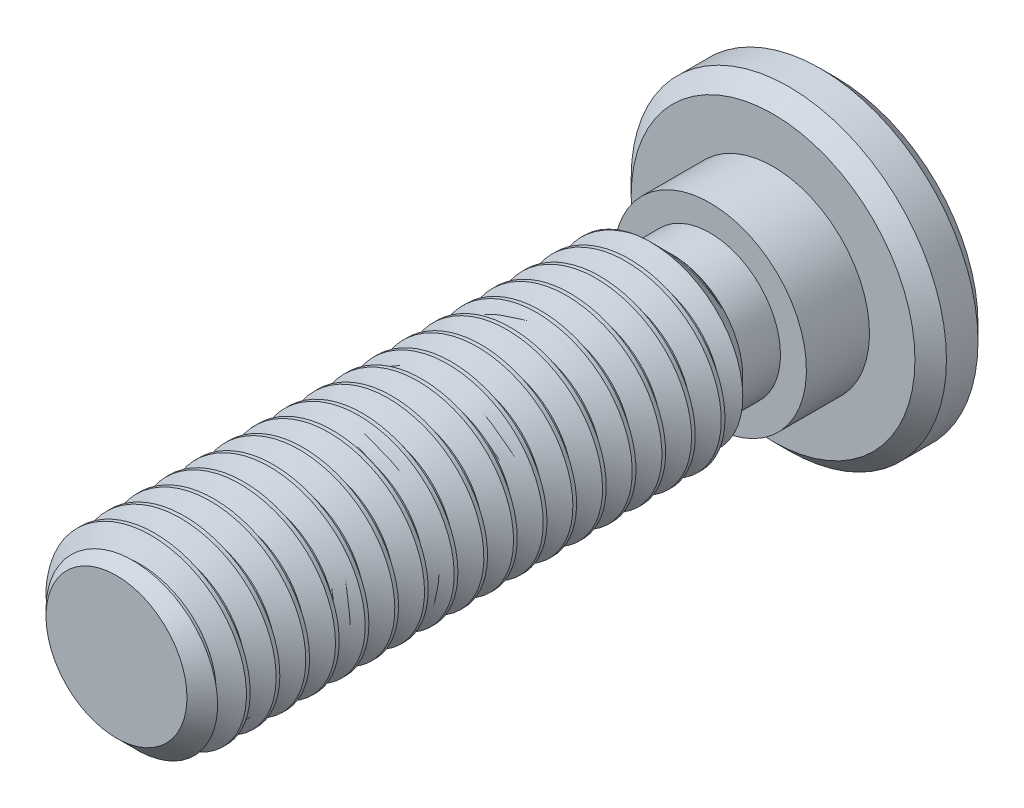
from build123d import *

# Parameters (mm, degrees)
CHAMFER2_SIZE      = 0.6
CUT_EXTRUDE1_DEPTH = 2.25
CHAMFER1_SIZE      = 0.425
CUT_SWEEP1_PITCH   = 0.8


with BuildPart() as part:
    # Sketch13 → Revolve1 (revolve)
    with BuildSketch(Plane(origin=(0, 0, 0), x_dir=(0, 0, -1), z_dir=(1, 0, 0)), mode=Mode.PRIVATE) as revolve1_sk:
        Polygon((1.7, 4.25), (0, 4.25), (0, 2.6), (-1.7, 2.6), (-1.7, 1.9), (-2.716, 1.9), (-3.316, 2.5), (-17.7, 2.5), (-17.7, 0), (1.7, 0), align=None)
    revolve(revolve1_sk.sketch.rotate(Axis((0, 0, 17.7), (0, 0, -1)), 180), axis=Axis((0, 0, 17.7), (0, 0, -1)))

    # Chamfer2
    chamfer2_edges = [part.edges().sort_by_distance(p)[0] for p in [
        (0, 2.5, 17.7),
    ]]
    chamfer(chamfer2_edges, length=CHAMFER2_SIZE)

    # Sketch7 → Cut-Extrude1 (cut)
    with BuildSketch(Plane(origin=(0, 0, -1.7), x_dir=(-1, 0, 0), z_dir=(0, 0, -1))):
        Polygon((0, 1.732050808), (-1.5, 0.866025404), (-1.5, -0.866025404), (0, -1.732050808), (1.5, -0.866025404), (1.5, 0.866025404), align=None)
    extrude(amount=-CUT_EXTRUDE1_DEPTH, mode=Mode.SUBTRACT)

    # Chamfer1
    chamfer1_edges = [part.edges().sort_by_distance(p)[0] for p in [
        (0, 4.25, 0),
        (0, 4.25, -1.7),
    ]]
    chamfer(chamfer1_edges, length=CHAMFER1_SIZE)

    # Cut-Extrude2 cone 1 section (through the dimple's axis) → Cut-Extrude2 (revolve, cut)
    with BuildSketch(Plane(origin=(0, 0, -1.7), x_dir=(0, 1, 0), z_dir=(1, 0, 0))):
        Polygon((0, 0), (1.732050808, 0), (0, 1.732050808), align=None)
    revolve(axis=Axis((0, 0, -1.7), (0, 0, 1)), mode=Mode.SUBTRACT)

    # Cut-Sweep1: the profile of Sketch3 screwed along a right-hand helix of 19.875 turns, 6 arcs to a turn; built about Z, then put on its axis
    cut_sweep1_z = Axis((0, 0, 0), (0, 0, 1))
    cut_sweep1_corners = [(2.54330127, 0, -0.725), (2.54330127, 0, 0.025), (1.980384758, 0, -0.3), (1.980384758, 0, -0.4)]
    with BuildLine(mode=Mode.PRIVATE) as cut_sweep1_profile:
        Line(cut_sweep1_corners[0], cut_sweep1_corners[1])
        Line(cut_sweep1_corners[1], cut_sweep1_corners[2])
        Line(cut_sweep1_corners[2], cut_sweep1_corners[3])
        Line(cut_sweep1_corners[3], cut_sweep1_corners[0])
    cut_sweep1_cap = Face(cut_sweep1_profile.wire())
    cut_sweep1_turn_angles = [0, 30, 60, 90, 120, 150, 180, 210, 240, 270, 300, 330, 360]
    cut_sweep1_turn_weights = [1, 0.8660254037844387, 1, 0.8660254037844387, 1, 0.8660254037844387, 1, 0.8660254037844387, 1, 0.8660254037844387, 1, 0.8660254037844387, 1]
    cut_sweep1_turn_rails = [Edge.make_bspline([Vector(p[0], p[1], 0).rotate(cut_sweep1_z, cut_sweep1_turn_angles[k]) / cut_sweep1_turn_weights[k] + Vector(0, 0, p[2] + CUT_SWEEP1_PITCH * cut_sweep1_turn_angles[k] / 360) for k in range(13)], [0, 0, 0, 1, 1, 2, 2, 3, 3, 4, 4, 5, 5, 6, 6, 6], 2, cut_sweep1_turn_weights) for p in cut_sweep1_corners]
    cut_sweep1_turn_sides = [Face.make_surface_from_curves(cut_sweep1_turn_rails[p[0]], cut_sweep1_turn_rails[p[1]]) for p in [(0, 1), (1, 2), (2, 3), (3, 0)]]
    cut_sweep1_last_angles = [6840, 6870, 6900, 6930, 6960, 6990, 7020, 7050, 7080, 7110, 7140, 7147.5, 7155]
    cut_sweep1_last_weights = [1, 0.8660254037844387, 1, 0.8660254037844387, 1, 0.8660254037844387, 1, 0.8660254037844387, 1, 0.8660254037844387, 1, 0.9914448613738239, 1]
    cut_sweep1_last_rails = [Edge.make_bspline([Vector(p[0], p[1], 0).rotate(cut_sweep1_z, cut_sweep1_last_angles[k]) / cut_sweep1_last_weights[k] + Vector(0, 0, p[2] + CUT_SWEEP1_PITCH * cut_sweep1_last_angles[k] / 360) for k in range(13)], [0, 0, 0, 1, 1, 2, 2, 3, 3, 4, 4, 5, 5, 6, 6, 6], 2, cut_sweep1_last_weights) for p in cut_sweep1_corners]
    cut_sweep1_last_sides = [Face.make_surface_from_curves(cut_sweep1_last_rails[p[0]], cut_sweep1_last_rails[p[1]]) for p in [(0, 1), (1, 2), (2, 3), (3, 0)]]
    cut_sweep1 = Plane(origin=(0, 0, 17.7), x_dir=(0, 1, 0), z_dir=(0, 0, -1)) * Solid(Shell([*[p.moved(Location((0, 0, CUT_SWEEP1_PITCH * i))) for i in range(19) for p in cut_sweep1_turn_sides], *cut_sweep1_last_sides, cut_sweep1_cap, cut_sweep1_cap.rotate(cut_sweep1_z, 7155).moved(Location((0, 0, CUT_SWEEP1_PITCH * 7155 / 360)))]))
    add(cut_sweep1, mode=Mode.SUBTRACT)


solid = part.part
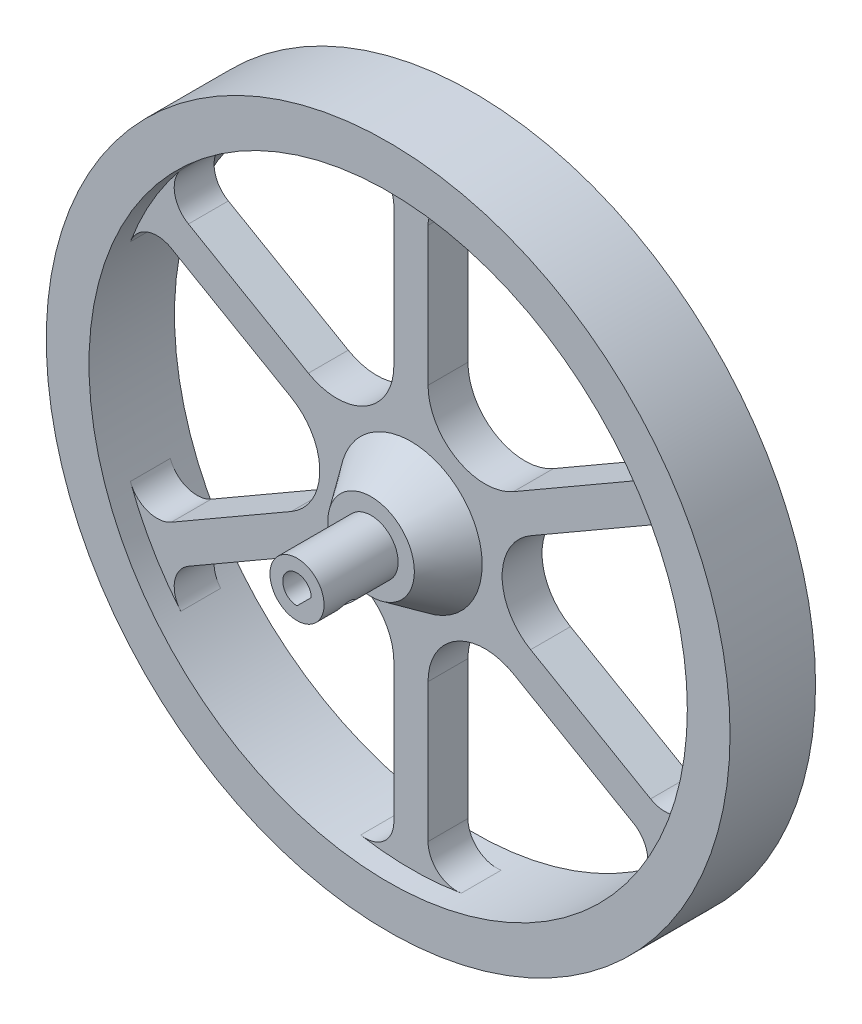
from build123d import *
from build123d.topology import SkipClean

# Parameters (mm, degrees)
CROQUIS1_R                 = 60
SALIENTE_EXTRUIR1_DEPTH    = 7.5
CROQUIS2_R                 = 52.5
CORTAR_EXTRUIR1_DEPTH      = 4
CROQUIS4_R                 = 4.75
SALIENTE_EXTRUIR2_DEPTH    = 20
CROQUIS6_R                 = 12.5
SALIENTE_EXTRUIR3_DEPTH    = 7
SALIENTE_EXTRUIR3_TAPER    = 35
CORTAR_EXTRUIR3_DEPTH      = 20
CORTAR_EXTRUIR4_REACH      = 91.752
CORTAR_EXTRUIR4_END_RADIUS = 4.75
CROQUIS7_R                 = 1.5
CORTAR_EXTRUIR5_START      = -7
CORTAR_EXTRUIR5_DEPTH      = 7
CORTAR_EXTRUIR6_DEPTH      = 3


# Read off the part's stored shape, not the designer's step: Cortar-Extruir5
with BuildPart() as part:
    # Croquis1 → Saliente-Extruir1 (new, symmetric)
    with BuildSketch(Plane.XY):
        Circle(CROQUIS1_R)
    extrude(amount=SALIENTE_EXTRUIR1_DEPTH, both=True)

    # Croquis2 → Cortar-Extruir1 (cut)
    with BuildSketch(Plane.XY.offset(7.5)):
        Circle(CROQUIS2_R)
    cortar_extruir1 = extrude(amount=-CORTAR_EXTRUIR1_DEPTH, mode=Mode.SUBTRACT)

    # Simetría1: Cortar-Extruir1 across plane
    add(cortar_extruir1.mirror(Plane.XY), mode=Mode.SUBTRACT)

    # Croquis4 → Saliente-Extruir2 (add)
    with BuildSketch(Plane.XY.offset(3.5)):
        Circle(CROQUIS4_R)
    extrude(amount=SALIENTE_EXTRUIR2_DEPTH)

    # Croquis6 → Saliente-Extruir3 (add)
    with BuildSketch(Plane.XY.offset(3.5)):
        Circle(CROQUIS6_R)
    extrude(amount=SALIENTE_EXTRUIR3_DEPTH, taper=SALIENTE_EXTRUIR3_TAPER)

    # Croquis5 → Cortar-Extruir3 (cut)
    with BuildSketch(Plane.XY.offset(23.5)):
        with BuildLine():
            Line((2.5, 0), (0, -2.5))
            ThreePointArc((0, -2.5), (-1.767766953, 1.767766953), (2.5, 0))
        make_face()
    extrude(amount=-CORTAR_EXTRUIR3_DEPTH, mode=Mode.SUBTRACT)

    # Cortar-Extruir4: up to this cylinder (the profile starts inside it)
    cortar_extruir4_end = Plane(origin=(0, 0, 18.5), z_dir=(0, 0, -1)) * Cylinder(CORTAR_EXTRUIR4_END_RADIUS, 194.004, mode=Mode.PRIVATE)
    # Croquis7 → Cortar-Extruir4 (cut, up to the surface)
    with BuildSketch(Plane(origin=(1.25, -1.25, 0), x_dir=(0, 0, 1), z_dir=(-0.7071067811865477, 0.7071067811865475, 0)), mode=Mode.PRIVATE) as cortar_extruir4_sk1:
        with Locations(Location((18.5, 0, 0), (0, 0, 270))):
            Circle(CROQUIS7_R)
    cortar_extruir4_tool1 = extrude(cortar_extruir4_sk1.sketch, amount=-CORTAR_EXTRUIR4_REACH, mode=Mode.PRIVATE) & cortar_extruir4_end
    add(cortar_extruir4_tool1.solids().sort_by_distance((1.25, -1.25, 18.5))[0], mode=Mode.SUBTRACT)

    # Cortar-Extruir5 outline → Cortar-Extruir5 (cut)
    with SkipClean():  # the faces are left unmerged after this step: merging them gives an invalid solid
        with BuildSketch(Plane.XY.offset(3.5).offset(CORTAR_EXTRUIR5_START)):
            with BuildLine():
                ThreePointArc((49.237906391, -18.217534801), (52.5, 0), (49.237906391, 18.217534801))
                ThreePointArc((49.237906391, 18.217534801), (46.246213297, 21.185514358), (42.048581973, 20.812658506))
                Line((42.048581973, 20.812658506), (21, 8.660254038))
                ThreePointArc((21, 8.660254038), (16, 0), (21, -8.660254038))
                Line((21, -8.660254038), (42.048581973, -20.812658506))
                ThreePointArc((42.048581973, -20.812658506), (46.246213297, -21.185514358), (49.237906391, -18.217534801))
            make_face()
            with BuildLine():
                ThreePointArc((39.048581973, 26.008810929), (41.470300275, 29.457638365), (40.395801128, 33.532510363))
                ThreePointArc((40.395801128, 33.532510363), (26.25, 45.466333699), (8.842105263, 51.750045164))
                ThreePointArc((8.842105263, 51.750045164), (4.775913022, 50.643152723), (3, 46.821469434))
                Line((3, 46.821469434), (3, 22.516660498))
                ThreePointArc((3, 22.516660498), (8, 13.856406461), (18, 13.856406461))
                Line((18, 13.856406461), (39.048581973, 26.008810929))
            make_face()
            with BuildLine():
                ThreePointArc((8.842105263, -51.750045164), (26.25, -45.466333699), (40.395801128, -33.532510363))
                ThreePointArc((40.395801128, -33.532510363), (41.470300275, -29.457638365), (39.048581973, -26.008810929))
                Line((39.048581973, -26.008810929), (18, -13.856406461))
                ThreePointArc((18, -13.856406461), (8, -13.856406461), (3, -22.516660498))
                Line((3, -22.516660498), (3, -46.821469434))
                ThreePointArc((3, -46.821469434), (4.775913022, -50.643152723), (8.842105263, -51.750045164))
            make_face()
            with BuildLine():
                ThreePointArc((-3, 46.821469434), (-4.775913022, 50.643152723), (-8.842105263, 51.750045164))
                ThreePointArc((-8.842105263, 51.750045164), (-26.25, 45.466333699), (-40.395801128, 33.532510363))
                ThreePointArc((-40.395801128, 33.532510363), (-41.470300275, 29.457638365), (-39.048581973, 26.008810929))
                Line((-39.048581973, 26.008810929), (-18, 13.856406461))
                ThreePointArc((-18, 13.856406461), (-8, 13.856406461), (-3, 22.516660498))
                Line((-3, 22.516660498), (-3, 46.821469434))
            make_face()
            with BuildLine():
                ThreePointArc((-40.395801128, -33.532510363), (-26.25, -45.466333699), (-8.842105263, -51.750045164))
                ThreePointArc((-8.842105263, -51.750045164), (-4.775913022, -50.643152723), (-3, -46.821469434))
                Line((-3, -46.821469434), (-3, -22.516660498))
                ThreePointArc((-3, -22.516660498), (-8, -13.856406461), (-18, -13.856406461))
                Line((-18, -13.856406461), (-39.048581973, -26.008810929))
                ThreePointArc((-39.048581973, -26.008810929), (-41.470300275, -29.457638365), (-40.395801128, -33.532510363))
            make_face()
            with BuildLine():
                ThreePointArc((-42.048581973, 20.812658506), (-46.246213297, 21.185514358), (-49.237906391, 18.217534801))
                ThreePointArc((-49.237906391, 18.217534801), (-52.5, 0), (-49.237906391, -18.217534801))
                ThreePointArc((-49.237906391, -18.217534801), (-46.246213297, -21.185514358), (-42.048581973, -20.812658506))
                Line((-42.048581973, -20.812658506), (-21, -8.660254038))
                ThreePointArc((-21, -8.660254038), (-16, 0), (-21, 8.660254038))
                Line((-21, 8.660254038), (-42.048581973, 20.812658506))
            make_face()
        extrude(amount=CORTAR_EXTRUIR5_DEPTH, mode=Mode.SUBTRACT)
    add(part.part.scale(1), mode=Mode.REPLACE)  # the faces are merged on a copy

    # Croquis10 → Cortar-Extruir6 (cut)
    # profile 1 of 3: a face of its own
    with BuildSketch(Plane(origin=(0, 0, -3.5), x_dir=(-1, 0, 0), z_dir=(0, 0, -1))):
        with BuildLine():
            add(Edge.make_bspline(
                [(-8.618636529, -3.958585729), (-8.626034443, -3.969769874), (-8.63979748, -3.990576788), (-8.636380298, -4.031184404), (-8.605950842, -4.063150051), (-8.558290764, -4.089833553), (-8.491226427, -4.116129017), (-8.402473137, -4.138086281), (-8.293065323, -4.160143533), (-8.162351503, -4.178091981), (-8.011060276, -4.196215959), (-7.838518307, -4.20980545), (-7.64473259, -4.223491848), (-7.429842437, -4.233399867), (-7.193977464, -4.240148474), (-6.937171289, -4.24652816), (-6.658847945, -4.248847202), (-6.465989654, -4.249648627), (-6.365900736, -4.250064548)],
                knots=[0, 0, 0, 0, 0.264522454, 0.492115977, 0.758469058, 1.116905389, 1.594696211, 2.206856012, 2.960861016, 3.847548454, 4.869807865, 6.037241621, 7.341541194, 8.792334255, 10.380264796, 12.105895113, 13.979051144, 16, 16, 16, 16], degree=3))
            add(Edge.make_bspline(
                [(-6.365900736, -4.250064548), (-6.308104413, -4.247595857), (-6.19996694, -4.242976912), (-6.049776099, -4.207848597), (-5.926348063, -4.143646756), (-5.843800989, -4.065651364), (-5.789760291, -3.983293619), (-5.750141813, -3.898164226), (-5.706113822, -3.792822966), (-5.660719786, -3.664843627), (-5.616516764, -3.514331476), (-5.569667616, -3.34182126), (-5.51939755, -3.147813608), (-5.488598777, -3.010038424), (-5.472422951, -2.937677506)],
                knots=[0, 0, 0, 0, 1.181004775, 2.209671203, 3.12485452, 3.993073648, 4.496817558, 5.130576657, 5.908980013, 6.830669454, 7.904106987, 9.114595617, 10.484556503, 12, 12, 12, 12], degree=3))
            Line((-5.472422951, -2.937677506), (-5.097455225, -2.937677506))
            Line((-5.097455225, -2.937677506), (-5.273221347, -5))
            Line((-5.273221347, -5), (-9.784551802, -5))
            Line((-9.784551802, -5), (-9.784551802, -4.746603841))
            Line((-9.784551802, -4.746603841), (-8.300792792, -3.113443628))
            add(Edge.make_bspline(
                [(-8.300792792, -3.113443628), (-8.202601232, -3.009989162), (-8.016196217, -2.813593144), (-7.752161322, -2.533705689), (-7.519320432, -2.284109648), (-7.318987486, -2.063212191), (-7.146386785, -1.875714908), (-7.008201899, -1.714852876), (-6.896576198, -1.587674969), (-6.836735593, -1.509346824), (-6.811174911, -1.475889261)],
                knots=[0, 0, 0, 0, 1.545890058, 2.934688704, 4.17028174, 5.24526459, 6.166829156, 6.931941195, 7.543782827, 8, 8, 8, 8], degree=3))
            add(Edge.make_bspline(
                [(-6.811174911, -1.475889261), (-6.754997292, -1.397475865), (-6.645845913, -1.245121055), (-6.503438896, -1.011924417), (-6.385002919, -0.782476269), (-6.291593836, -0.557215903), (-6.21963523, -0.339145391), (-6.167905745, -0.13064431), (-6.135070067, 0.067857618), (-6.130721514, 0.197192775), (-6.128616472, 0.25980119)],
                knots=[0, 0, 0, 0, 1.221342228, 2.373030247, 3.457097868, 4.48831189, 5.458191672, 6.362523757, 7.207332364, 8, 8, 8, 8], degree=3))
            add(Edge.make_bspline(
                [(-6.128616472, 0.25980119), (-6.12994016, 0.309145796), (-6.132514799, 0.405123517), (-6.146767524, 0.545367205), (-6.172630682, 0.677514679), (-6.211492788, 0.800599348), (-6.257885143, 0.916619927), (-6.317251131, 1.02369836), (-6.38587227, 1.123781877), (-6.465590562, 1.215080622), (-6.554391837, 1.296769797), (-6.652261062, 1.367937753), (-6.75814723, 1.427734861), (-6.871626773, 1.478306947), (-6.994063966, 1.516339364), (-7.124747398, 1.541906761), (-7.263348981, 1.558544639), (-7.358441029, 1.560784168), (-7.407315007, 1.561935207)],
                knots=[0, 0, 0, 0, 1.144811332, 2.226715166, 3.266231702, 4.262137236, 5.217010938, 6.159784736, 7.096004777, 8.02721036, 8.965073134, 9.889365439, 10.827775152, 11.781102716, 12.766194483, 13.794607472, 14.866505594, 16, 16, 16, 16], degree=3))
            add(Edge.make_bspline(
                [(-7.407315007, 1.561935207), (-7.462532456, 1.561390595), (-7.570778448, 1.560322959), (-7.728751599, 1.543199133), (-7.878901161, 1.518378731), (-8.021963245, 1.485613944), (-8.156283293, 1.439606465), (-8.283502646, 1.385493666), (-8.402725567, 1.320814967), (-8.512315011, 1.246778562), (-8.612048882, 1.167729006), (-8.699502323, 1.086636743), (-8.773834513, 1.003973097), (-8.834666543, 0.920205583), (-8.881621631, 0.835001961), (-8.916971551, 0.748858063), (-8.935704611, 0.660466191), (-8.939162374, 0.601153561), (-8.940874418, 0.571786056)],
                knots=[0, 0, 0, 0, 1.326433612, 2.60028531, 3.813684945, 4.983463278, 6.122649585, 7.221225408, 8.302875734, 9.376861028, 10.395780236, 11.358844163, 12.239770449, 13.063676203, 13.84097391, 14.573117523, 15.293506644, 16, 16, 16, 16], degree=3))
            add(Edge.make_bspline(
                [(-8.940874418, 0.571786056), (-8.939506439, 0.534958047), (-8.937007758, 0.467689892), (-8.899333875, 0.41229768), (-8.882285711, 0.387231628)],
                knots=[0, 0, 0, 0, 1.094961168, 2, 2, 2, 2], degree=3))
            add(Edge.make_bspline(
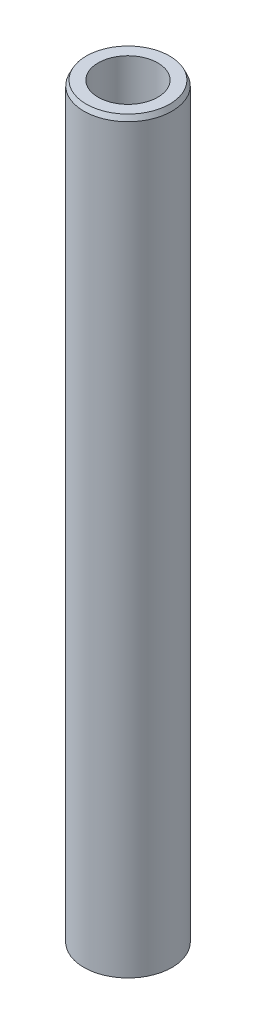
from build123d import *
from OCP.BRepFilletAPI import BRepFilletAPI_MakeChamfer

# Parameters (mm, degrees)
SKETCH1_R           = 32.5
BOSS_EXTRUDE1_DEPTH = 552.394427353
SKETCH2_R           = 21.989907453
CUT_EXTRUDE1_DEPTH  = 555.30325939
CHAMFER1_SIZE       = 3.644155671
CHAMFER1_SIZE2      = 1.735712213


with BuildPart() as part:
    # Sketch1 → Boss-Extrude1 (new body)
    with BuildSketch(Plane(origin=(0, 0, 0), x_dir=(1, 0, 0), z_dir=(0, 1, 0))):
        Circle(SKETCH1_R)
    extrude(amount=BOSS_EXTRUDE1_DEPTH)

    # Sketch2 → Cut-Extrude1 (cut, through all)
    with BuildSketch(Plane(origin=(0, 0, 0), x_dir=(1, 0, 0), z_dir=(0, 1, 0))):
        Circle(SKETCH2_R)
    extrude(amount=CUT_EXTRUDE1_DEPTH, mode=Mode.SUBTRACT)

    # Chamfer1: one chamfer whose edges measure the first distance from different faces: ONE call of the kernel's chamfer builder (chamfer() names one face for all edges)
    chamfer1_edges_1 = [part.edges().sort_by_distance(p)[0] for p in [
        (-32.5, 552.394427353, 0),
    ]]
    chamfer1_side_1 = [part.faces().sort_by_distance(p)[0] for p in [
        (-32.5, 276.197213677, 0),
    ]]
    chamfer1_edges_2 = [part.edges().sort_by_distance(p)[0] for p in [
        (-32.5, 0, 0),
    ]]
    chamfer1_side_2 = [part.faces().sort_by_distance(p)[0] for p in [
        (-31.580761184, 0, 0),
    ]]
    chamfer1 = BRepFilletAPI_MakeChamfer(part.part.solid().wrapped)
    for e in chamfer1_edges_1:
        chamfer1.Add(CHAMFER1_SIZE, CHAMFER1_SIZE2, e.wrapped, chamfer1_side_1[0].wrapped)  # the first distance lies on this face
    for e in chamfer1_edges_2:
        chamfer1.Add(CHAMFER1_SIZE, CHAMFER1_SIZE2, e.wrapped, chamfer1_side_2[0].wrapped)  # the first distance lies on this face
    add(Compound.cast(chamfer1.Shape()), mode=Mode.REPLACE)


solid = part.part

──────

__Exercise prompt__:
Search the material above for the word "None", then copy out each line that has it.

__Exercise answer__:
        Polygon((1.7, 4.25), (0, 4.25), (0, 2.6), (-1.7, 2.6), (-1.7, 1.9), (-2.716, 1.9), (-3.316, 2.5), (-17.7, 2.5), (-17.7, 0), (1.7, 0), align=None)
        Polygon((0, 1.732050808), (-1.5, 0.866025404), (-1.5, -0.866025404), (0, -1.732050808), (1.5, -0.866025404), (1.5, 0.866025404), align=None)
        Polygon((0, 0), (1.732050808, 0), (0, 1.732050808), align=None)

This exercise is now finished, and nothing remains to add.